Ach die schlawakische Perlebergeriene H. R.! Es kann bezweifelt werden, dass die Seite wirklich aus Panama kommt (wie auch?) Die Brüder P. in Stockern stehen für Qualität und Anonymität, selbst für eigene Projekte.


----------



## azzlack (25 März 2011)

*AW: Größter Fehler meines Lebens*

Muss ich denn jetzt irgendwas befürchten? Ich meine die können doch meine Ip über die Rechnung sehen und wenn die jetzt wirklich vor Gericht gehen, ist das doch beweis und die können mich finden oder? Sind diese Brüder wirklich so professionell oder war das Ironisch gemeint? Bin 17.
Gruß


----------



## Hippo (25 März 2011)

*AW: Größter Fehler meines Lebens*

Jetzt beruhige Dich und zieh Dir ´ne frische Unterhose an, so wie das unsere alten Hasen das beurteilen kann Dir nach menschlichem Ermessen nichts passieren.
Laß Dir das aber eine Lehre sein, ab nächstem Jahr würde auch die Trumpfkarte "Minderjährig" nicht mehr stechen!


----------



## azzlack (25 März 2011)

*AW: Größter Fehler meines Lebens*

Selbst wenn ich jetzt Post bekomme würd mir nichts passieren?

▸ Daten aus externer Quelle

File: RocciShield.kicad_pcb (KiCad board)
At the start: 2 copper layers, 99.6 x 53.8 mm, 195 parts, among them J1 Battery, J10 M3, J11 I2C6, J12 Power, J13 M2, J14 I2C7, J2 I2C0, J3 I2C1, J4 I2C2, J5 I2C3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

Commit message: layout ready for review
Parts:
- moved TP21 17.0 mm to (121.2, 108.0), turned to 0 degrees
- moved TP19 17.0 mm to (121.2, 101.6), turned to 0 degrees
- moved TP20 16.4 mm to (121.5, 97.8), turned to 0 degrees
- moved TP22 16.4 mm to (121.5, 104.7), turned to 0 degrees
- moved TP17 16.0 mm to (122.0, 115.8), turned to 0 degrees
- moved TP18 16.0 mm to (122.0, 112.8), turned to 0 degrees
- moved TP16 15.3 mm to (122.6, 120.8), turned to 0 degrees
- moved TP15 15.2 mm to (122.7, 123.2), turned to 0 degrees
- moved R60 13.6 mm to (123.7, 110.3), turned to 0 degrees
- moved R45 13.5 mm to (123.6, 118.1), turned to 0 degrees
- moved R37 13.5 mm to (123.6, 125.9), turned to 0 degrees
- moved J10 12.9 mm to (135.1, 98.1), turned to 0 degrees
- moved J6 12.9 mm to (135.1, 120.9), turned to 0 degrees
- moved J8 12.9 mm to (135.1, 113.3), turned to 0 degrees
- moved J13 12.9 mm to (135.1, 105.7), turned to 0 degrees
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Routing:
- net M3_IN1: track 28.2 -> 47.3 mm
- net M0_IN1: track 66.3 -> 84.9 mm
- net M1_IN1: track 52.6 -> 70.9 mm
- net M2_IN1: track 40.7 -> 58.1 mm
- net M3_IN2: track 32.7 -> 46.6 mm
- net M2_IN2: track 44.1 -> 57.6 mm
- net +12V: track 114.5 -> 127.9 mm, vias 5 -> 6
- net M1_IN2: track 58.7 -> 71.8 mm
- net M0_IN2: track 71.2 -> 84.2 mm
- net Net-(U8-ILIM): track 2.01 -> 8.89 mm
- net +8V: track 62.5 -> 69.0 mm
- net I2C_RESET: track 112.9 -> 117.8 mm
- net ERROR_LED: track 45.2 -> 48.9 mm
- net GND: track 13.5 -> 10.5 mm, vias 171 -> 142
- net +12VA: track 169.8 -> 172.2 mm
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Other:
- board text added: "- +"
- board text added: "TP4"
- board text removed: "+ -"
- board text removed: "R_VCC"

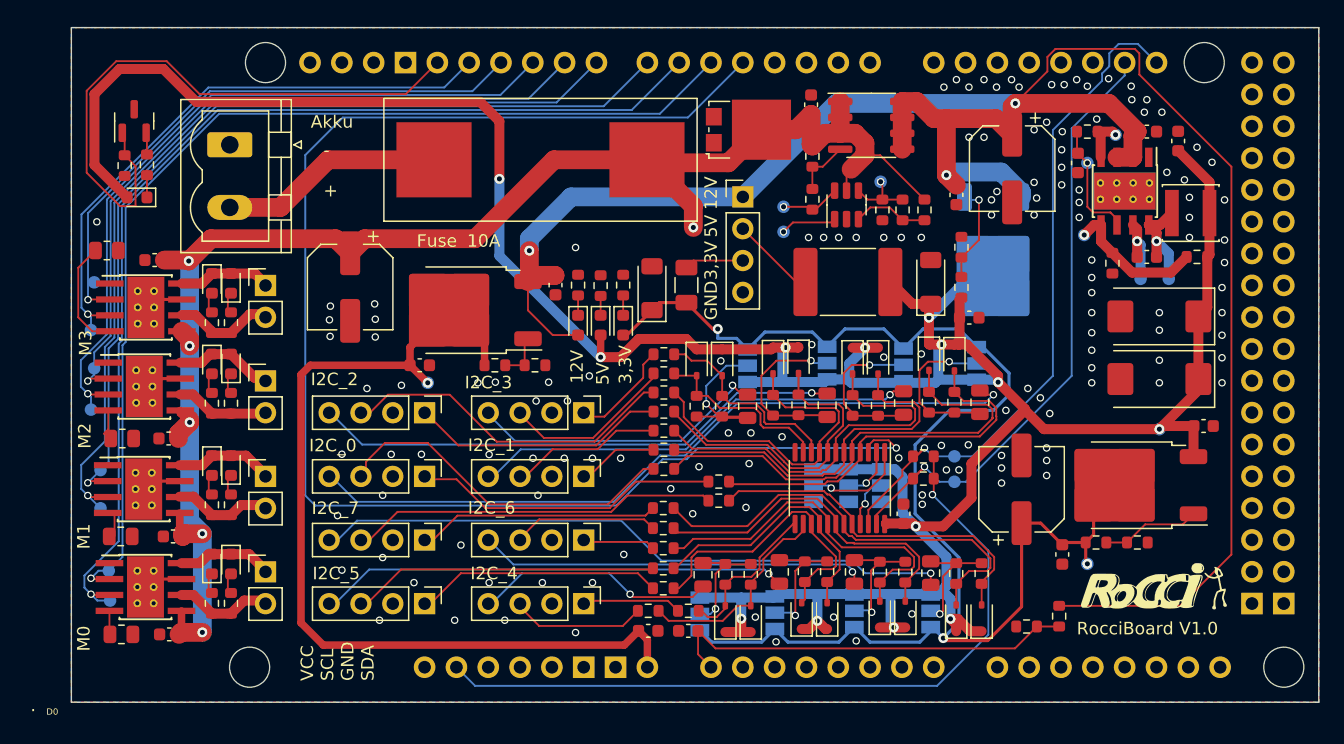
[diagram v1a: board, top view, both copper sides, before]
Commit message: changed i2c order
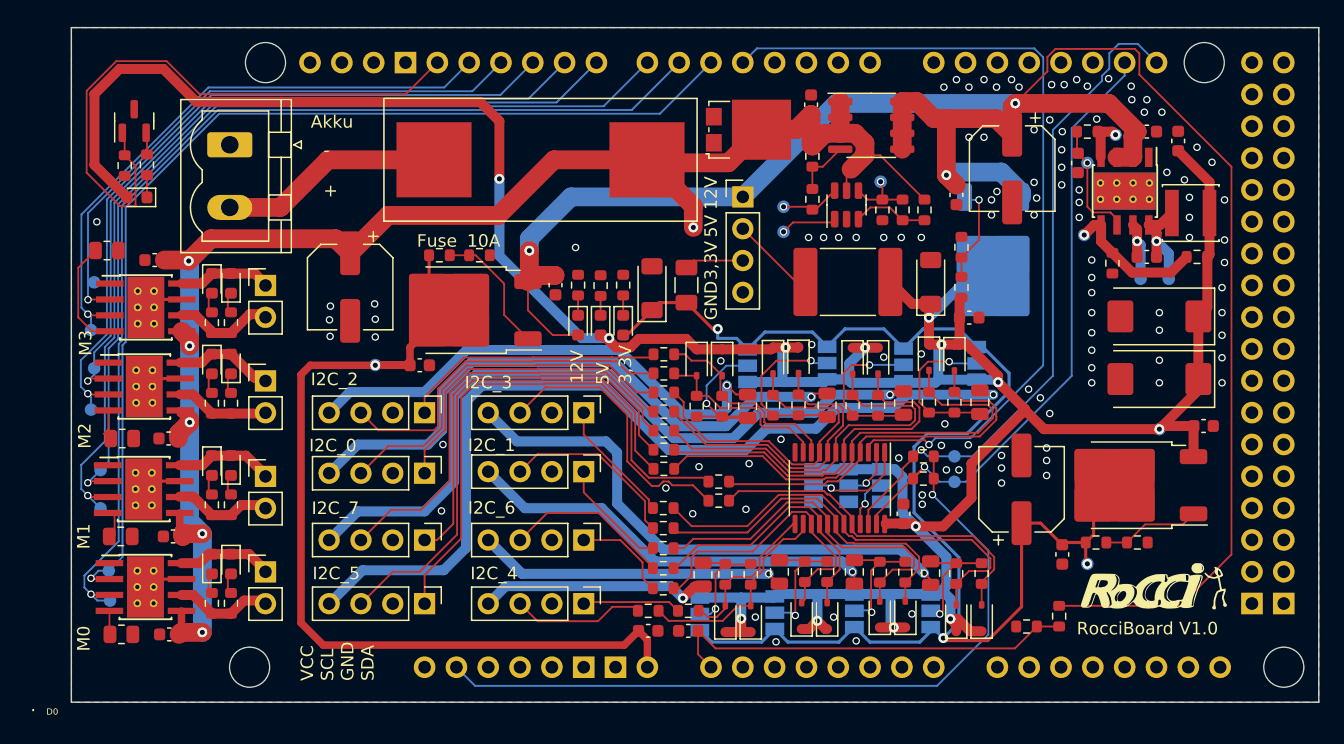
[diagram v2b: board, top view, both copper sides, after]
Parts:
- moved J14 16.3 mm to (160.5, 108.2)
- moved J3 13.7 mm to (147.8, 118.4)
- moved J9 13.7 mm to (160.5, 118.4)
- moved J5 12.7 mm to (147.8, 108.2)
- moved J2 10.2 mm to (147.8, 123.5)
- moved R21 9.84 mm to (149.0, 95.6)
- moved R25 9.84 mm to (152.2, 95.6)
- moved J11 5.46 mm to (160.5, 112.9)
- moved J4 4.83 mm to (147.8, 113.0)
- moved TP12 4.42 mm to (143.9, 104.4)
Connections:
- net Net-(J11-Pin_4) renamed /VCC_I2C6
- net Net-(J14-Pin_4) renamed /VCC_I2C7
- net Net-(J2-Pin_4) renamed /VCC_I2C0
- net Net-(J3-Pin_4) renamed /VCC_I2C1
- net Net-(J4-Pin_4) renamed /VCC_I2C2
- net Net-(J5-Pin_4) renamed /VCC_I2C3
- net Net-(J7-Pin_4) renamed /VCC_I2C4
- net Net-(J9-Pin_4) renamed /VCC_I2C5
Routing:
- net I2C_RESET: track 117.8 -> 66.8 mm
- net Net-(J3-Pin_1): track 6.35 -> 33.3 mm
- net Net-(J3-Pin_3): track 12.1 -> 35.4 mm
- net /VCC_I2C1: track 35.9 -> 59.0 mm
- net Net-(J2-Pin_1): track 24.1 -> 43.3 mm
- net /VCC_I2C3: track 23.6 -> 39.9 mm
- net Net-(J5-Pin_3): track 13.5 -> 28.4 mm
- net /VCC_I2C0: track 58.1 -> 72.2 mm
- net Net-(J2-Pin_3): track 28.2 -> 42.0 mm
- net Net-(J5-Pin_1): track 8.05 -> 21.0 mm
- net /VCC_I2C5: track 37.2 -> 24.7 mm
- net Net-(J9-Pin_1): track 19.4 -> 7.85 mm
- net Net-(J9-Pin_3): track 24.1 -> 13.4 mm
- net Net-(J14-Pin_1): track 18.8 -> 9.90 mm
- net /VCC_I2C7: track 50.9 -> 43.6 mm
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
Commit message: aligned components
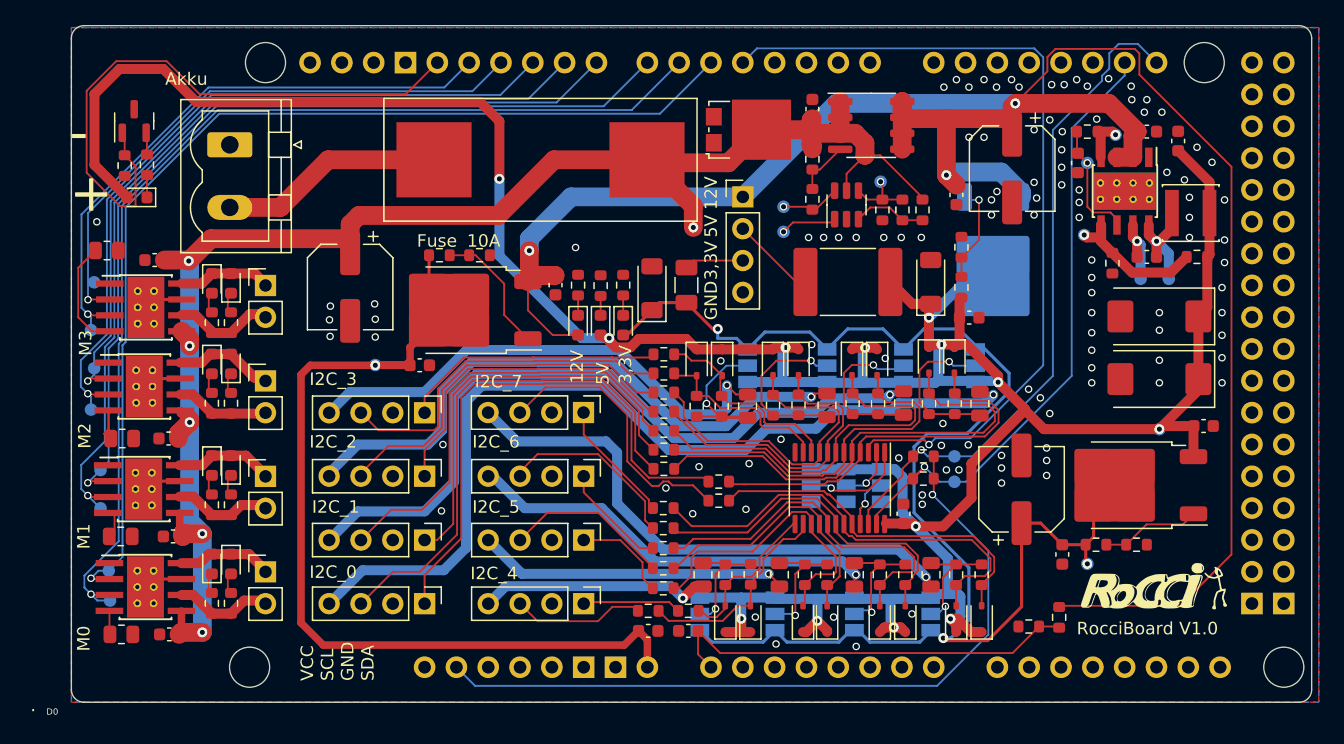
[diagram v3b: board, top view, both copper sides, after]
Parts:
- moved G*** 4.14 mm to (146.5, 93.5)
- moved C8 0.37 mm to (178.8, 84.0)
- moved D24 0.37 mm to (186.2, 124.7)
- moved D25 0.37 mm to (184.2, 124.7)
- moved J11 0.37 mm to (160.5, 113.3)
- moved D21 0.26 mm to (178.0, 124.7)
- moved JP10 0.25 mm to (182.1, 124.3)
- moved JP11 0.25 mm to (188.2, 124.3)
- moved R46 0.24 mm to (178.2, 121.1)
- moved R47 0.24 mm to (180.0, 121.1)
- moved D20 0.24 mm to (180.0, 124.7)
- moved J4 0.24 mm to (147.8, 113.3)
- moved F7 0.23 mm to (176.1, 121.1)
- moved R14 0.23 mm to (178.8, 88.0)
- moved F8 0.23 mm to (182.1, 121.1)
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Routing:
- net +5V: track 261.1 -> 264.2 mm
- net +12V: track 127.9 -> 130.0 mm
- net +12VA: track 172.2 -> 173.8 mm
- net +3V3: track 113.7 -> 114.8 mm
- net /FB: track 11.4 -> 12.1 mm
- net /SW: track 8.45 -> 9.17 mm
- net GND: vias 111 -> 110
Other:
- board size 99.6 x 53.8 mm -> 99 x 54 mm

Nur weil ich minderjährig bin? Mach mir ja nur wegen der IP sorgen und was ich sonst so wegen Betrug lese sieht ja nicht gerade gut aus, von wegen bis zu 5 Jahre Haft. Aber anscheinend würden die bei einer Gerichtsverhandlung selber Probleme kriegen, so wie ich das auf verbraucherabzocke.info lese.


----------



## Hippo (25 März 2011)

*AW: Größter Fehler meines Lebens*

Daß die Ärger kriegen wegen nicht vorhandenem Jugendschutz haste hier auch gelesen.
Und jetzt hol Dir endlich ´nen Baldriantee daß Du wieder ruhiger wirst. 
Wegen 30 Euronen wird kein Richter den Provider anweisen die Userdaten offenzulegen. Und bei dem Dreck am Stecken den die haben wird da eh keiner die Rübe aus dem Loch stecken wegen 30 €


----------



## azzlack (25 März 2011)

*AW: Größter Fehler meines Lebens*

http://www.imagebanana.com/view/z75vae0z/Unbenannt.JPG

http://www.imagebanana.com/view/10uo88kk/Unbenannt2.JPG

Das sind die beiden schreiben die ich von denen gekriegt hab.


----------



## Hippo (25 März 2011)

*AW: Größter Fehler meines Lebens*

Und das kam per Mail.
Im zweiten Schreiben will er eine zustellungsfähige Anschrift ...
... hätt´ er gerne ...
Wenn er die hätte ...
... hätte er Dir schon eine Forderung per gelber Post um die Ohren geschlagen.
Und an dem Zustand solltest Du gaaaaaaaar nichts ändern.
Eine Email kann man nicht verklagen ...


----------



## azzlack (25 März 2011)

*AW: Größter Fehler meines Lebens*

Was mir kopfzerbrechen bereitet ist, das wenn er damit vor Gericht geht und sagt das ich falsche Daten angegeben habe und mir die Leistungen erschlichen habe, er aber nicht meine echten Daten hat. Das es dann über IP nachzuverfolgen ist, war gerade auf der Seite und war trotz gelöschten Cookies/Cache/Passwörtern sofort eingeloggt, wie geht sowas? Jetzt müssten die ja auch schon wieder ne aktuelle IP von mir haben wegen dem Log in.


----------



## Goblin (25 März 2011)

*AW: Größter Fehler meines Lebens*



> Mach mir ja nur wegen der IP sorgen


Warum ? Was ist denn mit ihr ? ist sie krank 

Nein,mit einer IP können die nichts anfangen. Die Klardaten gibts nur bei SCHWEREN Straftaten,und nur auf Richterlichen Beschluss hin. Dazu müsste man aber ertmal Strafanzeige erstatten. Die wären echt blöd wenn sie das tuen würden

Lesen
http://www.computerbetrug.de/abzocke-im-internet/drohung-mit-der-ip-adresse/



> wenn er damit vor Gericht geht


Geht er aber nicht


----------



## technofreak (25 März 2011)

*AW: Größter Fehler meines Lebens*



azzlack schrieb:


> Was mir kopfzerbrechen bereitet ist


dagen hilft Aspirin 


azzlack schrieb:


> das wenn er damit vor Gericht geht .


kannst du nicht verstehen oder willst du nicht verstehen?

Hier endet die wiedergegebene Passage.